Given entries
┄┄┄┄┄┄
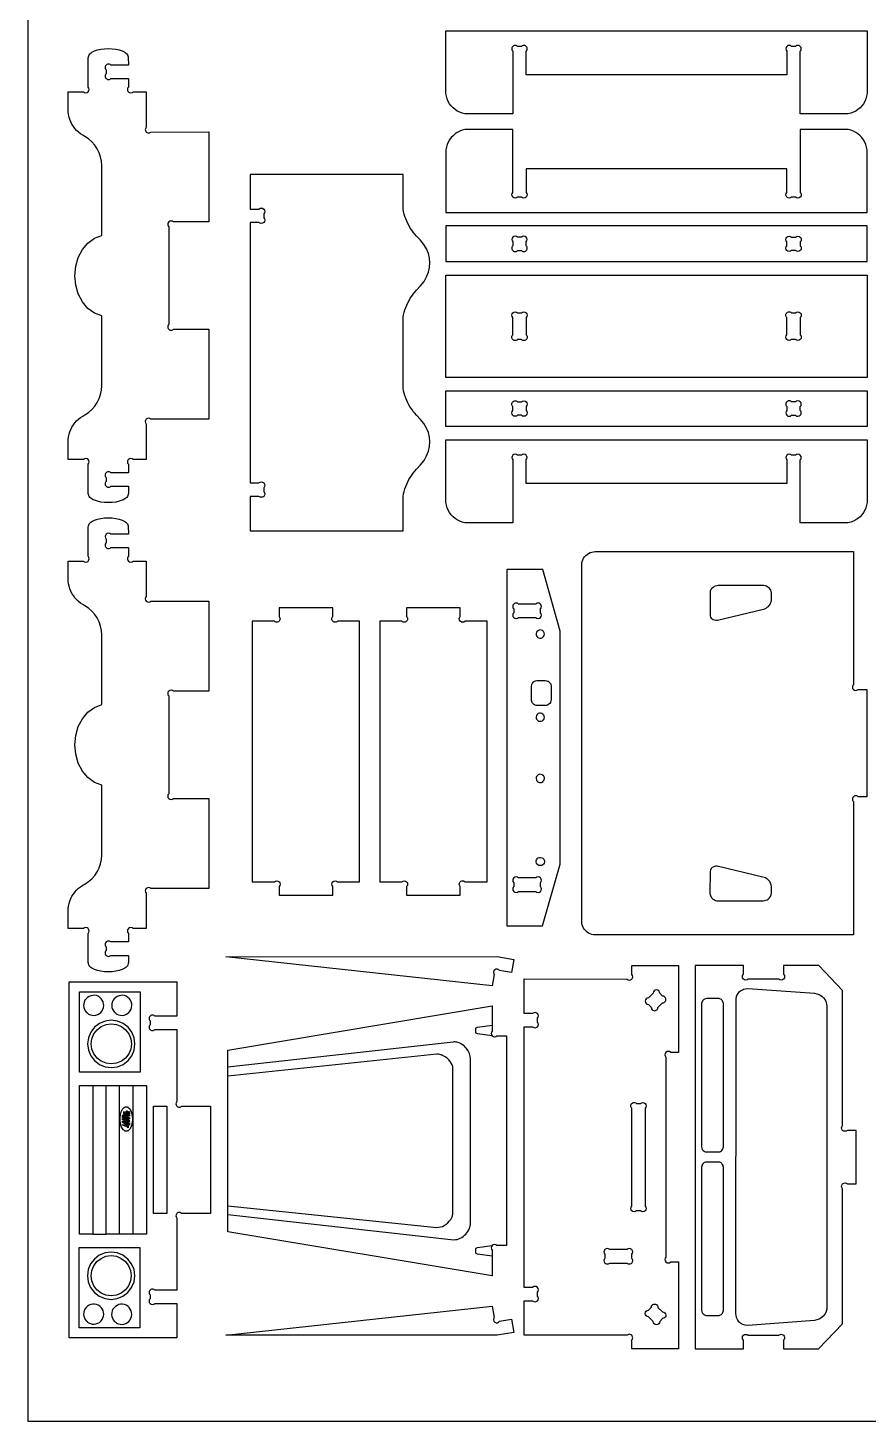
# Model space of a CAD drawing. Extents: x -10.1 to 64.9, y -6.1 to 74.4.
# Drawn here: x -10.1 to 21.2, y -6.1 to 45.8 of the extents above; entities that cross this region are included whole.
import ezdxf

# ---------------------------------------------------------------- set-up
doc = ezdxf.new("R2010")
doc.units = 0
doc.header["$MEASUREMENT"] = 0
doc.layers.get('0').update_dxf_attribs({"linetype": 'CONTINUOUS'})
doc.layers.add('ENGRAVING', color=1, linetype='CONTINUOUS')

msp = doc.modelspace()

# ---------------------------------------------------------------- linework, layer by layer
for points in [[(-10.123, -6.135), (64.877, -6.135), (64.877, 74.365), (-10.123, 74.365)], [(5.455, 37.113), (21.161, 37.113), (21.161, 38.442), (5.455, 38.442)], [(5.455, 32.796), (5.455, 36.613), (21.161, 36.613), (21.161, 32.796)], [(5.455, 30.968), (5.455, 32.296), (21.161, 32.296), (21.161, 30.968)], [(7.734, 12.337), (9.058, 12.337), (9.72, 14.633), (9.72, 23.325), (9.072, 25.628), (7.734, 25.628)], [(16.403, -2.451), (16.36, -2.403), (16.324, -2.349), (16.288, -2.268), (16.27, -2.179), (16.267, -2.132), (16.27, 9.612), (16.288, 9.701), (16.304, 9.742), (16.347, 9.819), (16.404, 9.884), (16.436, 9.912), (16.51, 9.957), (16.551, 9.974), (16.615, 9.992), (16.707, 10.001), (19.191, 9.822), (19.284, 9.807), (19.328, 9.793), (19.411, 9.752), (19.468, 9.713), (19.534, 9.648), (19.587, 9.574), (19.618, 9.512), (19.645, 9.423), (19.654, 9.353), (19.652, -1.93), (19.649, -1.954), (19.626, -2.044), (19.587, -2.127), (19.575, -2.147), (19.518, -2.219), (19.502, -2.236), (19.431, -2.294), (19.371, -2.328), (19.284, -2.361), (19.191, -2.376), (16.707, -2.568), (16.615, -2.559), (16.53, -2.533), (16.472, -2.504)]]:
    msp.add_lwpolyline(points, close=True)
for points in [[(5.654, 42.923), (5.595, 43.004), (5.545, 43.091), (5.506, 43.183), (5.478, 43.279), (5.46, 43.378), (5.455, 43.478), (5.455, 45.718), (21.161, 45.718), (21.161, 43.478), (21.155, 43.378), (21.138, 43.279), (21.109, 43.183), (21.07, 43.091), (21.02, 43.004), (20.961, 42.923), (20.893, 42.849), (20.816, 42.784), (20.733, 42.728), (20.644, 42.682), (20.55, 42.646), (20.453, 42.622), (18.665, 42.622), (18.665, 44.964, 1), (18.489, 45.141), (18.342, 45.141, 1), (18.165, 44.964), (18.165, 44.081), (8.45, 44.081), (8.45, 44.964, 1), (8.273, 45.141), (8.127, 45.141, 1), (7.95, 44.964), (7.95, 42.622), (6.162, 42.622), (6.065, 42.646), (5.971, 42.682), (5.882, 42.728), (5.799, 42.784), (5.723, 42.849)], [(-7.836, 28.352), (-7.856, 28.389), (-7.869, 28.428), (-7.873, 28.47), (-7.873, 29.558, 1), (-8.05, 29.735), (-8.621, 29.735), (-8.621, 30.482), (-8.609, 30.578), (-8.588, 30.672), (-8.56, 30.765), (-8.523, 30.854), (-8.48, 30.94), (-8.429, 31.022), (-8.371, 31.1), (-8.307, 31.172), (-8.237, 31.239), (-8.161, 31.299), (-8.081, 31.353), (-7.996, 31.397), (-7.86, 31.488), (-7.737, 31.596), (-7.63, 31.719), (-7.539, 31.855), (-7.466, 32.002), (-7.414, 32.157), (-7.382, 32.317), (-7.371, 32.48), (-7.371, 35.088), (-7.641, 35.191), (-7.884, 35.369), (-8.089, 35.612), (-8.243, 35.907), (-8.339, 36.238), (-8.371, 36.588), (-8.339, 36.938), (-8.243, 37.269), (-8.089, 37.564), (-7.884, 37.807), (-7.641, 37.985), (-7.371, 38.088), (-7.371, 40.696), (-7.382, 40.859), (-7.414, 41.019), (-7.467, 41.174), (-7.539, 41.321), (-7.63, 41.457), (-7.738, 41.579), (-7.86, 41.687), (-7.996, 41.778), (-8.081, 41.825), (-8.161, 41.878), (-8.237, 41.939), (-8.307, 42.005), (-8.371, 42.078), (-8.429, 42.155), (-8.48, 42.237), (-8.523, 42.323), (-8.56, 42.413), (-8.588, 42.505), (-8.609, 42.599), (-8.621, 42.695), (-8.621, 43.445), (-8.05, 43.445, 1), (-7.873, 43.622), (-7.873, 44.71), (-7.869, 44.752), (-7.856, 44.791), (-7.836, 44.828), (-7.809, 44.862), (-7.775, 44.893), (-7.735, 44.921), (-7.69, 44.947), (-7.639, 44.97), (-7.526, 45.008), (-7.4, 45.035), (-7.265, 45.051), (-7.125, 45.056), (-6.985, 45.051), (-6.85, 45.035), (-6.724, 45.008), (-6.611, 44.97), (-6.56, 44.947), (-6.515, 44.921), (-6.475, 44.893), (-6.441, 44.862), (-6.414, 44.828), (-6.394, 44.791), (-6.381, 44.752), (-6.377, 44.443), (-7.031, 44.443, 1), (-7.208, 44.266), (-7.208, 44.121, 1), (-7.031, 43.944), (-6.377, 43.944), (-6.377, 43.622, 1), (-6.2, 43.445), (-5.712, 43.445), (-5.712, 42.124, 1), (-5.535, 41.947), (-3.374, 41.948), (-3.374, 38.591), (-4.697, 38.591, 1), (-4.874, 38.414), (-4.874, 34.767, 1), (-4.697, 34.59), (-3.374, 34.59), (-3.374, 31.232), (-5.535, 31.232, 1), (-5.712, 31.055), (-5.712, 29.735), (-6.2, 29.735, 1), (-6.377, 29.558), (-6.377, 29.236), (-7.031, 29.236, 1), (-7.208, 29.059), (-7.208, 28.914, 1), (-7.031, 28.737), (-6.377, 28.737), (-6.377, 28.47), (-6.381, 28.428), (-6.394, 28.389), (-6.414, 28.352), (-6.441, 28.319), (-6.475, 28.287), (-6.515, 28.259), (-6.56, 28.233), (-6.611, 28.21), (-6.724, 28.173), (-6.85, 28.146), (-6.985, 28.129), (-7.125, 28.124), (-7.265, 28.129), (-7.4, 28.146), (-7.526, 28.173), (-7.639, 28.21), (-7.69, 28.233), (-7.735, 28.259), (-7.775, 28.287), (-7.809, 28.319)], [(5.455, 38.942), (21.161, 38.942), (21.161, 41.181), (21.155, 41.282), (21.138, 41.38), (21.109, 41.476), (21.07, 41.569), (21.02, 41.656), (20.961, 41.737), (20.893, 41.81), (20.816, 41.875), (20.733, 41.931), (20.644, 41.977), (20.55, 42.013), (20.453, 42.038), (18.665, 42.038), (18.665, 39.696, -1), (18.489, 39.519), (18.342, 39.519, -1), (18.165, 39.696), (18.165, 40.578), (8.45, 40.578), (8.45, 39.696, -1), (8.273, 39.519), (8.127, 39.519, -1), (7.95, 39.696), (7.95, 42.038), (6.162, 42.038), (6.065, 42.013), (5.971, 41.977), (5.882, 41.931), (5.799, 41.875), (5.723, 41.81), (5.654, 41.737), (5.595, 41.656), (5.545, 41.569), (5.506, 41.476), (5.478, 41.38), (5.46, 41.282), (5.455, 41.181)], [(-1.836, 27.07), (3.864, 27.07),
┄┄┄┄┄┄
Goal of the exercise
What you return should be exactly the lines above, starting at the one with "doc.layers.add('ENGRAVING', color=1, linetype='CONTINUOUS')" and ending at the one with "layer by layer", and nothing else.

Written solution
doc.layers.add('ENGRAVING', color=1, linetype='CONTINUOUS')

msp = doc.modelspace()

# ---------------------------------------------------------------- linework, layer by layer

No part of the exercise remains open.